Problem: Your output should consist of the lines from the first line of the records below through the one with "Random Number : RandomNumber", exactly, minus the pictures.

Data provided:

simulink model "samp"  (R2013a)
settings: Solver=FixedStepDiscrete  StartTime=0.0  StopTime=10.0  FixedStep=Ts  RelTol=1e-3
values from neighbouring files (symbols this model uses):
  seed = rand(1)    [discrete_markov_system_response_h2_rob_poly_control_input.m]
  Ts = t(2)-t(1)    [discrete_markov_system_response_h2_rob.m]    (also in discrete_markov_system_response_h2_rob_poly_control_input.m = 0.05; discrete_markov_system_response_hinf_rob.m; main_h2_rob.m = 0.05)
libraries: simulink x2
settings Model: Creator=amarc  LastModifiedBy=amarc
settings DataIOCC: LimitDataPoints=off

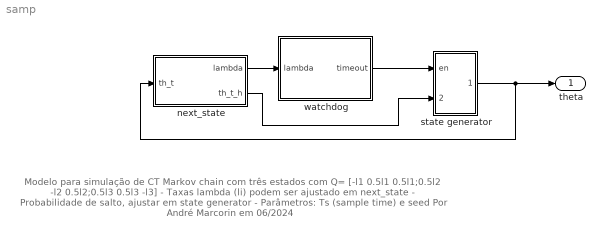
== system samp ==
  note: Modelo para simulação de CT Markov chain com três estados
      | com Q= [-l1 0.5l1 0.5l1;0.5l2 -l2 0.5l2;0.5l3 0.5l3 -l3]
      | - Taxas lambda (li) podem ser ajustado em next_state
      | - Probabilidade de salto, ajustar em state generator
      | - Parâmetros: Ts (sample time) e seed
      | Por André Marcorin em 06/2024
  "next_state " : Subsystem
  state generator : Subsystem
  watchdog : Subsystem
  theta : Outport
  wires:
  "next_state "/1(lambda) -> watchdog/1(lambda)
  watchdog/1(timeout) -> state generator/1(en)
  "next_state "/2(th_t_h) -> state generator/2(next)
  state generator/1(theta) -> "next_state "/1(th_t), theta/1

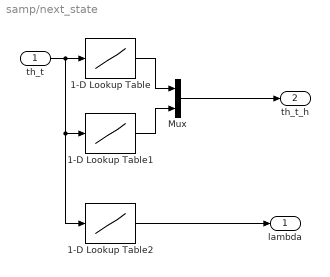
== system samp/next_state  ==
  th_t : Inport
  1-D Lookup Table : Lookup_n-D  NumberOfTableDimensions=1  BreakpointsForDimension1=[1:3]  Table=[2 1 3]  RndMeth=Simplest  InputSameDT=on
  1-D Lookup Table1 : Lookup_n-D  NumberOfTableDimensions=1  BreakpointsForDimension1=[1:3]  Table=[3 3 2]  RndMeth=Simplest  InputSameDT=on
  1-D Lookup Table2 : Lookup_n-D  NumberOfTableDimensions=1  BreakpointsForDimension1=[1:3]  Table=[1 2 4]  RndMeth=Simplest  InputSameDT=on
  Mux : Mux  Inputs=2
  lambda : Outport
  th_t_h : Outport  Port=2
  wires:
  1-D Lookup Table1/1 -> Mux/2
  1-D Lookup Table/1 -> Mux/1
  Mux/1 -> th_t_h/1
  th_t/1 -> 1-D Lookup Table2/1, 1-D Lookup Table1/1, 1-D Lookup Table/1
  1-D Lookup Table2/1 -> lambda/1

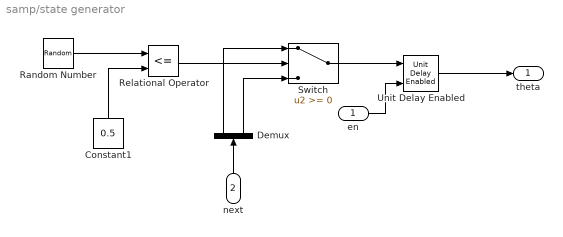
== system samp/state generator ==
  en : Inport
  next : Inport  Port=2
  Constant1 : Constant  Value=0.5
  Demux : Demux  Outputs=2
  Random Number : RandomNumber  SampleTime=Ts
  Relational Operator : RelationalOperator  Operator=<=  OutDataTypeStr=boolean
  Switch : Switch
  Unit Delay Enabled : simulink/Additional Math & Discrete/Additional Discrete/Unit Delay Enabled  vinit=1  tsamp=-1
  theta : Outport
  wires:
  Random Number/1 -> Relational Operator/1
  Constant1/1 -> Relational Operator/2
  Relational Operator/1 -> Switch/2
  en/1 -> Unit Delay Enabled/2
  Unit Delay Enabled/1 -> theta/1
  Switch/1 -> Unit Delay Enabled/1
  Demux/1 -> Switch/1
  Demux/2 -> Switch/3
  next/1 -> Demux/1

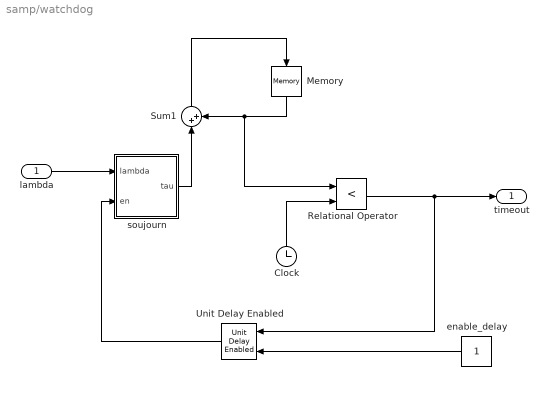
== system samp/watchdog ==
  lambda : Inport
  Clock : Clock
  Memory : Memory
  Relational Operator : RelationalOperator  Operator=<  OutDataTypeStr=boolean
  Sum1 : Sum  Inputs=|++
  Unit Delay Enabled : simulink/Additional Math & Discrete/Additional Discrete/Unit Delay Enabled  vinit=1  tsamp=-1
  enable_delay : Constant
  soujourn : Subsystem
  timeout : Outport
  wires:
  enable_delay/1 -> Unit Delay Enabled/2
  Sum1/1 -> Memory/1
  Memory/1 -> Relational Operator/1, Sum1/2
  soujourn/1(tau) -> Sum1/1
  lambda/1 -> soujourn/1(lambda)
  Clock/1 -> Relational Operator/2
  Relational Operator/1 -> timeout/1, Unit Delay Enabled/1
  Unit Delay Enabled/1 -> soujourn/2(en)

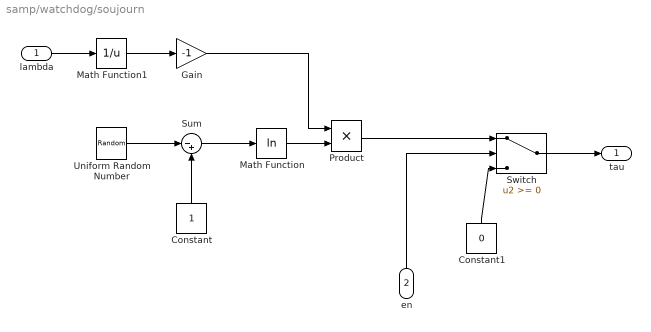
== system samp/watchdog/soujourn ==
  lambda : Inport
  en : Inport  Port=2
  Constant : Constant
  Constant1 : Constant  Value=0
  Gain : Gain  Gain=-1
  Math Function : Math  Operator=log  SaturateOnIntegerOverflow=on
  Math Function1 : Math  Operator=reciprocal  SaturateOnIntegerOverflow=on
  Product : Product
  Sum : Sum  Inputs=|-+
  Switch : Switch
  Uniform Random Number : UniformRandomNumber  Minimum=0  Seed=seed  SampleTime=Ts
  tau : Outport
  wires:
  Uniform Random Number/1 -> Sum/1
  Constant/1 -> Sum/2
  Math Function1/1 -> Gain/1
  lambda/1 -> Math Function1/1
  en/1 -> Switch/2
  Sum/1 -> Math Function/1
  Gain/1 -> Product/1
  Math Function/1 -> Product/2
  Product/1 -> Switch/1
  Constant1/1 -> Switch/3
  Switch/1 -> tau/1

Exercise result:
simulink model "samp"  (R2013a)
settings: Solver=FixedStepDiscrete  StartTime=0.0  StopTime=10.0  FixedStep=Ts  RelTol=1e-3
values from neighbouring files (symbols this model uses):
  seed = rand(1)    [discrete_markov_system_response_h2_rob_poly_control_input.m]
  Ts = t(2)-t(1)    [discrete_markov_system_response_h2_rob.m]    (also in discrete_markov_system_response_h2_rob_poly_control_input.m = 0.05; discrete_markov_system_response_hinf_rob.m; main_h2_rob.m = 0.05)
libraries: simulink x2
settings Model: Creator=amarc  LastModifiedBy=amarc
settings DataIOCC: LimitDataPoints=off

== system samp ==
  note: Modelo para simulação de CT Markov chain com três estados
      | com Q= [-l1 0.5l1 0.5l1;0.5l2 -l2 0.5l2;0.5l3 0.5l3 -l3]
      | - Taxas lambda (li) podem ser ajustado em next_state
      | - Probabilidade de salto, ajustar em state generator
      | - Parâmetros: Ts (sample time) e seed
      | Por André Marcorin em 06/2024
  "next_state " : Subsystem
  state generator : Subsystem
  watchdog : Subsystem
  theta : Outport
  wires:
  "next_state "/1(lambda) -> watchdog/1(lambda)
  watchdog/1(timeout) -> state generator/1(en)
  "next_state "/2(th_t_h) -> state generator/2(next)
  state generator/1(theta) -> "next_state "/1(th_t), theta/1

== system samp/next_state  ==
  th_t : Inport
  1-D Lookup Table : Lookup_n-D  NumberOfTableDimensions=1  BreakpointsForDimension1=[1:3]  Table=[2 1 3]  RndMeth=Simplest  InputSameDT=on
  1-D Lookup Table1 : Lookup_n-D  NumberOfTableDimensions=1  BreakpointsForDimension1=[1:3]  Table=[3 3 2]  RndMeth=Simplest  InputSameDT=on
  1-D Lookup Table2 : Lookup_n-D  NumberOfTableDimensions=1  BreakpointsForDimension1=[1:3]  Table=[1 2 4]  RndMeth=Simplest  InputSameDT=on
  Mux : Mux  Inputs=2
  lambda : Outport
  th_t_h : Outport  Port=2
  wires:
  1-D Lookup Table1/1 -> Mux/2
  1-D Lookup Table/1 -> Mux/1
  Mux/1 -> th_t_h/1
  th_t/1 -> 1-D Lookup Table2/1, 1-D Lookup Table1/1, 1-D Lookup Table/1
  1-D Lookup Table2/1 -> lambda/1

== system samp/state generator ==
  en : Inport
  next : Inport  Port=2
  Constant1 : Constant  Value=0.5
  Demux : Demux  Outputs=2
  Random Number : RandomNumber  SampleTime=Ts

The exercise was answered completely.